▶ THE PROBLEM
Please retype the data below exactly, stopping after the line with "1) (0, 10, 1)" and skipping every picture.
[[ PROVIDED RECORDS open ]]
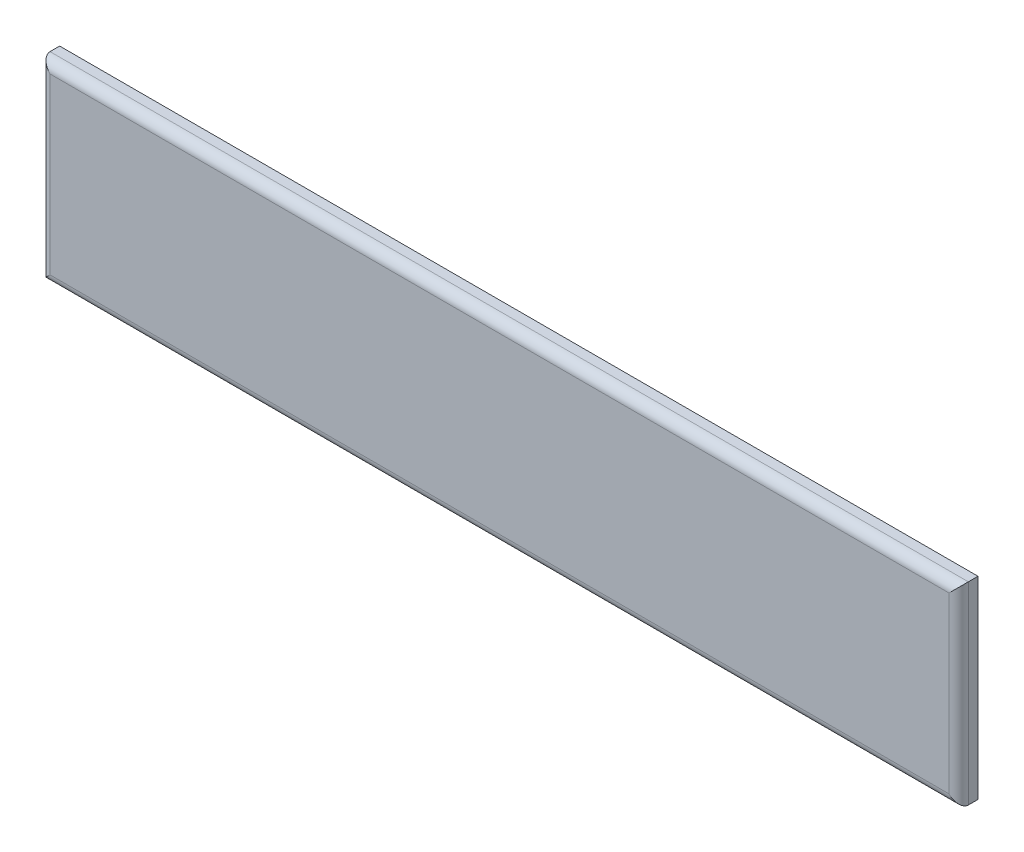
SolidWorks part; units mm, degrees
ref_plane "Front Plane" through (0, 0, 0) normal (0, 0, 1) x (1, 0, 0)
ref_plane "Top Plane" through (0, 0, 0) normal (0, 1, 0) x (1, 0, 0)
ref_plane "Right Plane" through (0, 0, 0) normal (1, 0, 0) x (0, 0, -1)
sketch "Sketch1" plane through (0, 0, 0) normal (0, 0, 1) x (1, 0, 0)
  line L1 (47.5, -10) -> (-47.5, -10)
  line L2 (47.5, -10) -> (47.5, 10)
  line L3 (47.5, 10) -> (-47.5, 10)
  line L4 (-47.5, -10) -> (-47.5, 10)
  line L5 (47.5, -10) -> (-47.5, 10) construction
  line L6 (47.5, 10) -> (-47.5, -10) construction
  point P0 (0, 0)
  dimension "D1" = 95
  dimension "D2" = 20
extrude "Boss-Extrude1" add sketch "Sketch1" along normal mid plane 2
fillet "Fillet1" radius 1 4 edges at (-47.5, 0, 1) (0, -10, 1) (47.5, 0, 1) (0, 10, 1)
hole_wizard "Ø1.0mm Dowel Hole1" positions "Sketch2" profile "Sketch3" hole size "Ø1.0" standard "ANSI Metric"
sketch "Sketch2" plane through (0, 0, -1) normal (0, 0, -1) x (-1, 0, 0)
  line L0 (47.5, -10) -> (-47.5, -10) construction
  line L1 (47.5, 10) -> (47.5, -10) construction
  line L2 (-47.5, -10) -> (-47.5, 10) construction
  point P0 (-44, -8)
  point P2 (-40, -8)
  point P4 (40, -8)
  point P6 (44, -8)
  dimension "D1" = 4
  dimension "D2" = 4
  dimension "D3" = 2
  dimension "D4" = 80
  dimension "D5" = 3.5
  dimension "D6" = 3.5
  dimension "D7" = 2
sketch "Sketch3" plane through (44, -8, -1) normal (1, 0, 0) x (0, 1, 0)
  line L0 (0, 0) -> (0, 1.1502)
  line L1 (0, 1.1502) -> (0.25, 1)
  line L2 (0.25, 1) -> (0.25, 0)
  line L5 (0.25, 0) -> (0, 0)
  line L10 (0, 1.1502) -> (-0.25, 1) construction
  line L11 (0, -6.35) -> (0, 107.95) construction
  dimension "Hole Dia." = 0.5
  dimension "Hole Depth" = 1
  dimension "Drill Angle" = 118
mirror "Mirror1" about plane through (0, 0, 0) normal (0, 1, 0) of "Ø1.0mm Dowel Hole1"
hole_wizard "Ø1.0mm Dowel Hole2" positions "Sketch4" profile "Sketch5" hole size "Ø1.0" standard "ANSI Metric"
sketch "Sketch4" plane through (0, 0, -1) normal (0, 0, -1) x (-1, 0, 0)
  line L0 (-47.5, -10) -> (-47.5, 10) construction
  point P0 (-46.8, 0)
  point P2 (-43.4, 0)
  dimension "D1" = 3.4
  dimension "D2" = 0.7
sketch "Sketch5" plane through (46.8, 0, -1) normal (1, 0, 0) x (0, 1, 0)
  line L0 (0, 0) -> (0, 1.1502)
  line L1 (0, 1.1502) -> (0.25, 1)
  line L2 (0.25, 1) -> (0.25, 0)
  line L5 (0.25, 0) -> (0, 0)
  line L10 (0, 1.1502) -> (-0.25, 1) construction
  line L11 (0, -6.35) -> (0, 107.95) construction
  dimension "Hole Dia." = 0.5
  dimension "Hole Depth" = 1
  dimension "Drill Angle" = 118
mirror "Mirror2" about plane through (0, 0, 0) normal (1, 0, 0) of "Ø1.0mm Dowel Hole2"
ref_plane "Plane1" through (0, 0, 0) normal (0, 0, 1) x (1, 0, 0)
sketch "Sketch6" plane through (0, 0, 0) normal (0, 0, 1) x (1, 0, 0)
  point P0 (0, 0)
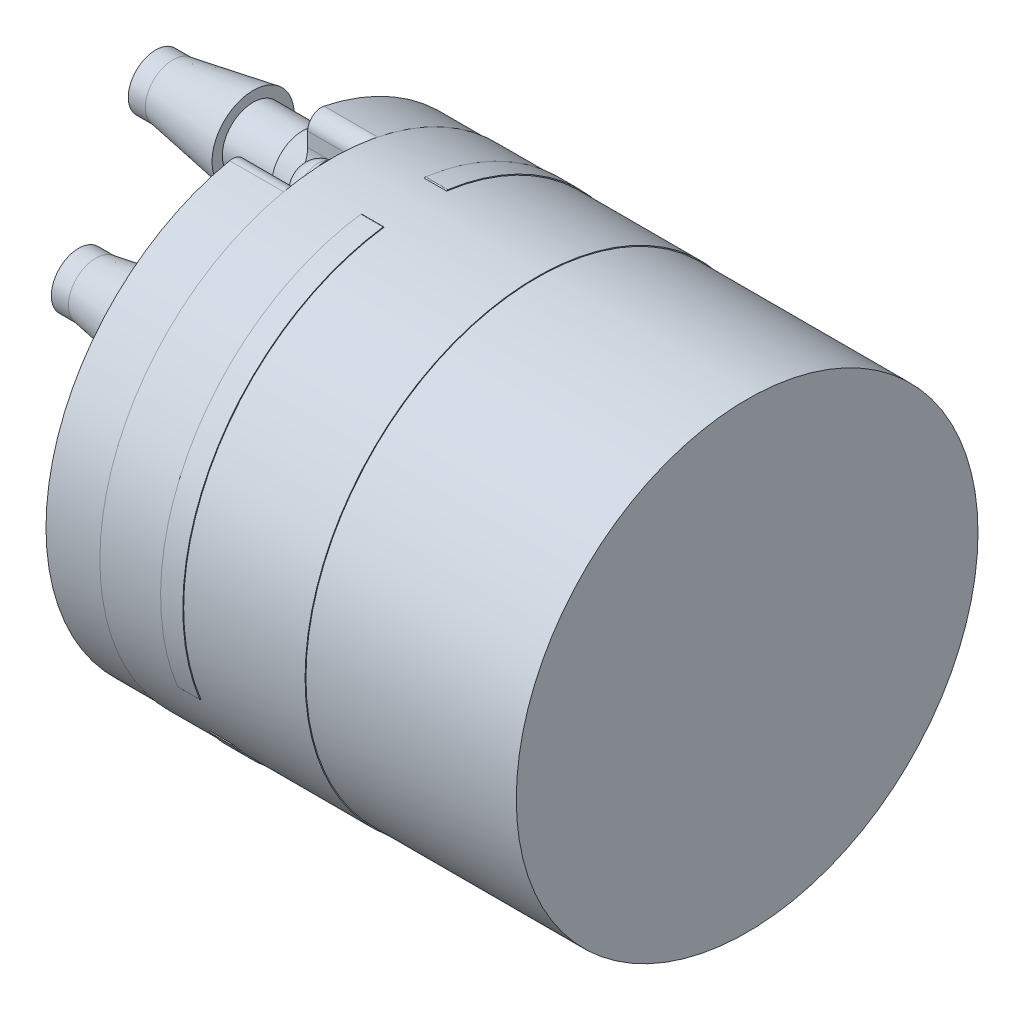
SolidWorks part; units mm, degrees
ref_plane "Front Plane" through (0, 0, 0) normal (0, 0, 1) x (1, 0, 0)
ref_plane "Top Plane" through (0, 0, 0) normal (0, 1, 0) x (1, 0, 0)
ref_plane "Right Plane" through (0, 0, 0) normal (1, 0, 0) x (0, 0, -1)
ref_plane "Base of Pump Plane" through (-31, 0, 0) normal (-1, 0, 0) x (0, 0, 1)
sketch "Pump OD Sketch" plane through (-31, 0, 0) normal (-1, 0, 0) x (0, 0, 1)
  circle A0 centre (0, 0) radius 13.5
  dimension "D1" = 27
extrude "Pump OD Extrude" add sketch "Pump OD Sketch" along normal blind 27.5 separate body
sketch "Pump Middle Sketch" plane through (-31, 0, 0) normal (-1, 0, 0) x (0, 0, 1)
  circle A0 centre (0, 0) radius 13.55
  circle A1 centre (0, 0) radius 13.5 construction
  dimension "D1" = 0.05
extrude "Pump Middle Extrude" add sketch "Pump Middle Sketch" along normal blind 12 from offset 12.3
sketch "Diaphragm Sketch" plane through (-55.3, 0, 0) normal (-1, 0, 0) x (0, 0, 1)
  line L0 (0, 0) -> (0, 12.2918) construction
  line L1 (-1.825, 12.2918) -> (1.825, 12.2918)
  line L2 (1.825, 12.2918) -> (1.825, 13.4081)
  line L3 (12.5243, -5.1236) -> (11.5575, -4.5654)
  line L4 (-1.825, 13.4081) -> (-1.825, 12.2918)
  line L5 (11.5575, -4.5654) -> (9.7325, -7.7264)
  line L6 (9.7325, -7.7264) -> (10.6993, -8.2846)
  line L7 (-10.6993, -8.2846) -> (-9.7325, -7.7264)
  line L8 (-9.7325, -7.7264) -> (-11.5575, -4.5654)
  line L9 (-11.5575, -4.5654) -> (-12.5243, -5.1236)
  arc A0 (-1.8934, 13.4676) -> (-12.6099, -5.0941) centre (0, 0) ccw
  circle A1 centre (0, 0) radius 13.55 construction
  arc A2 (1.825, 13.4081) -> (1.8934, 13.4676) centre (1.885, 13.4081) cw
  arc A3 (-1.8934, 13.4676) -> (-1.825, 13.4081) centre (-1.885, 13.4081) cw
  arc A4 (12.6099, -5.0941) -> (12.5243, -5.1236) centre (12.5543, -5.0716) cw
  arc A5 (10.6993, -8.2846) -> (10.7166, -8.3735) centre (10.6693, -8.3365) cw
  arc A6 (-10.7166, -8.3735) -> (-10.6993, -8.2846) centre (-10.6693, -8.3365) cw
  arc A7 (-12.5243, -5.1236) -> (-12.6099, -5.0941) centre (-12.5543, -5.0716) cw
  arc A8 (-10.7166, -8.3735) -> (10.7166, -8.3735) centre (0, 0) ccw
  arc A9 (12.6099, -5.0941) -> (1.8934, 13.4676) centre (0, 0) ccw
  point P32 (0, 0)
  dimension "D1" = 0.05
  dimension "D3" = 0.06
  dimension "D2" = 3.65
  dimension "D4" = 3
extrude "Diaphragm Extrude" add sketch "Diaphragm Sketch" against normal blind 1.3 from offset 3.6 offset against normal yes
sketch "Screw Pocket Sketch" plane through (-58.5, 0, 0) normal (-1, 0, 0) x (0, 0, 1)
  line L0 (0, 0) -> (0, 11.6) construction
  line L1 (-1.8, 11.6) -> (-1.8, 15.5376)
  line L2 (-1.8, 15.5376) -> (1.8, 15.5376)
  line L3 (1.8, 15.5376) -> (1.8, 11.6)
  arc A0 (-1.8, 11.6) -> (1.8, 11.6) centre (0, 11.6) ccw
  point P20 (0, 0)
  dimension "D1" = 3.6
  dimension "D2" = 11.6
extrude "Screw Pocket Cut" cut sketch "Screw Pocket Sketch" against normal up to surface (3.2 mm away) up to face at (-55.3, 0, 13.55)
fillet "Screw Pocket Fillet" radius 0.8 2 edges at (-56.9, 13.3795, -1.8) (-56.9, 13.3795, 1.8)
sketch "Scew Head Sketch" plane through (-55.3, 0, 0) normal (-1, 0, 0) x (0, 0, 1)
  circle A0 centre (0, 11.6) radius 1.3
  dimension "D1" = 2.6
extrude "Screw Head Extrude" add sketch "Scew Head Sketch" along normal blind 1.8
fillet "Screw Head Fillet" radius 1 1 edges at (-57.1, 11.6, 1.3)
sketch "Sketch10" plane through (-57.1, 0, 0) normal (-1, 0, 0) x (0, 0, 1)
  line L0 (0.15, 11.75) -> (0.15, 12.4)
  line L1 (-0.15, 10.8) -> (0.15, 10.8)
  line L2 (-0.15, 10.8) -> (-0.15, 11.45)
  line L3 (-0.15, 12.4) -> (0.15, 12.4)
  line L4 (0.15, 10.8) -> (0.15, 11.45)
  line L7 (-0.8, 11.75) -> (-0.15, 11.75)
  line L8 (-0.8, 11.75) -> (-0.8, 11.45)
  line L9 (-0.8, 11.45) -> (-0.15, 11.45)
  line L10 (0.8, 11.75) -> (0.8, 11.45)
  line L13 (0.15, 11.75) -> (0.8, 11.75)
  line L16 (0.15, 11.45) -> (0.8, 11.45)
  line L17 (-0.15, 11.75) -> (-0.15, 12.4)
  point P0 (0, 11.6)
  point P6 (0, 11.6)
  dimension "D1" = 0.3
  dimension "D2" = 1.6
extrude "Screw Drive Cut" cut sketch "Sketch10" against normal blind 1
sketch "Washer Sketch" plane through (-55.3, 0, 0) normal (-1, 0, 0) x (0, 0, 1)
  circle A0 centre (0, 11.6) radius 1.5818
extrude "Washer Extrude" add sketch "Washer Sketch" along normal blind 0.4
sketch "Center Nozzle Sketch" plane through (0, 0, 0) normal (0, 0, 1) x (1, 0, 0)
  line L0 (0, 0) -> (-76.9561, 0) construction
  line L1 (-70.0897, 1.6) -> (-69.0897, 1.6)
  line L2 (-58.5, 13.2141) -> (-58.5, -13.5) construction
  line L3 (-58.5, 2.7) -> (-61.5, 1.8)
  line L4 (-61.5, 1.8) -> (-64.3897, 1.8)
  line L5 (-64.3897, 1.8) -> (-64.3897, 2.4)
  line L6 (-69.0897, 1.6) -> (-64.3897, 2.4)
  line L7 (-70.0897, 1.6) -> (-70.0897, 1)
  line L8 (-70.0897, 1) -> (-58.5, 1)
  line L9 (-58.5, 1) -> (-58.5, 2.7)
  dimension "D1" = 3
  dimension "D2" = 5.7
  dimension "D3" = 1
  dimension "D4" = 5.4
  dimension "D5" = 3.6
  dimension "D6" = 4.8
  dimension "D7" = 3.2
  dimension "D8" = 2
  dimension "D9" = 2.8897
revolve "Center Nozzle Revolve" add sketch "Center Nozzle Sketch" angle 360 about L0
sketch "Nozzle Pattern Location Sketch" plane through (-58.5, 0, 0) normal (-1, 0, 0) x (0, 0, 1)
  line L0 (0, 0) -> (-4.5, 7.7942) construction
  line L1 (0, 0) -> (0, 4.3885) construction
  dimension "D1" = 30
  dimension "D2" = 9
pattern_linear "Nozzle LPattern" count 2 spacing 9 along (0, 0.866, -0.5) of "Center Nozzle Revolve"
[[ PROVIDED RECORDS closed ]]
▶ ANSWER
SolidWorks part; units mm, degrees
ref_plane "Front Plane" through (0, 0, 0) normal (0, 0, 1) x (1, 0, 0)
ref_plane "Top Plane" through (0, 0, 0) normal (0, 1, 0) x (1, 0, 0)
ref_plane "Right Plane" through (0, 0, 0) normal (1, 0, 0) x (0, 0, -1)
sketch "Sketch1" plane through (0, 0, 0) normal (0, 0, 1) x (1, 0, 0)
  line L1 (47.5, -10) -> (-47.5, -10)
  line L2 (47.5, -10) -> (47.5, 10)
  line L3 (47.5, 10) -> (-47.5, 10)
  line L4 (-47.5, -10) -> (-47.5, 10)
  line L5 (47.5, -10) -> (-47.5, 10) construction
  line L6 (47.5, 10) -> (-47.5, -10) construction
  point P0 (0, 0)
  dimension "D1" = 95
  dimension "D2" = 20
extrude "Boss-Extrude1" add sketch "Sketch1" along normal mid plane 2
fillet "Fillet1" radius 1 4 edges at (-47.5, 0, 1) (0, -10, 1) (47.5, 0, 1) (0, 10, 1)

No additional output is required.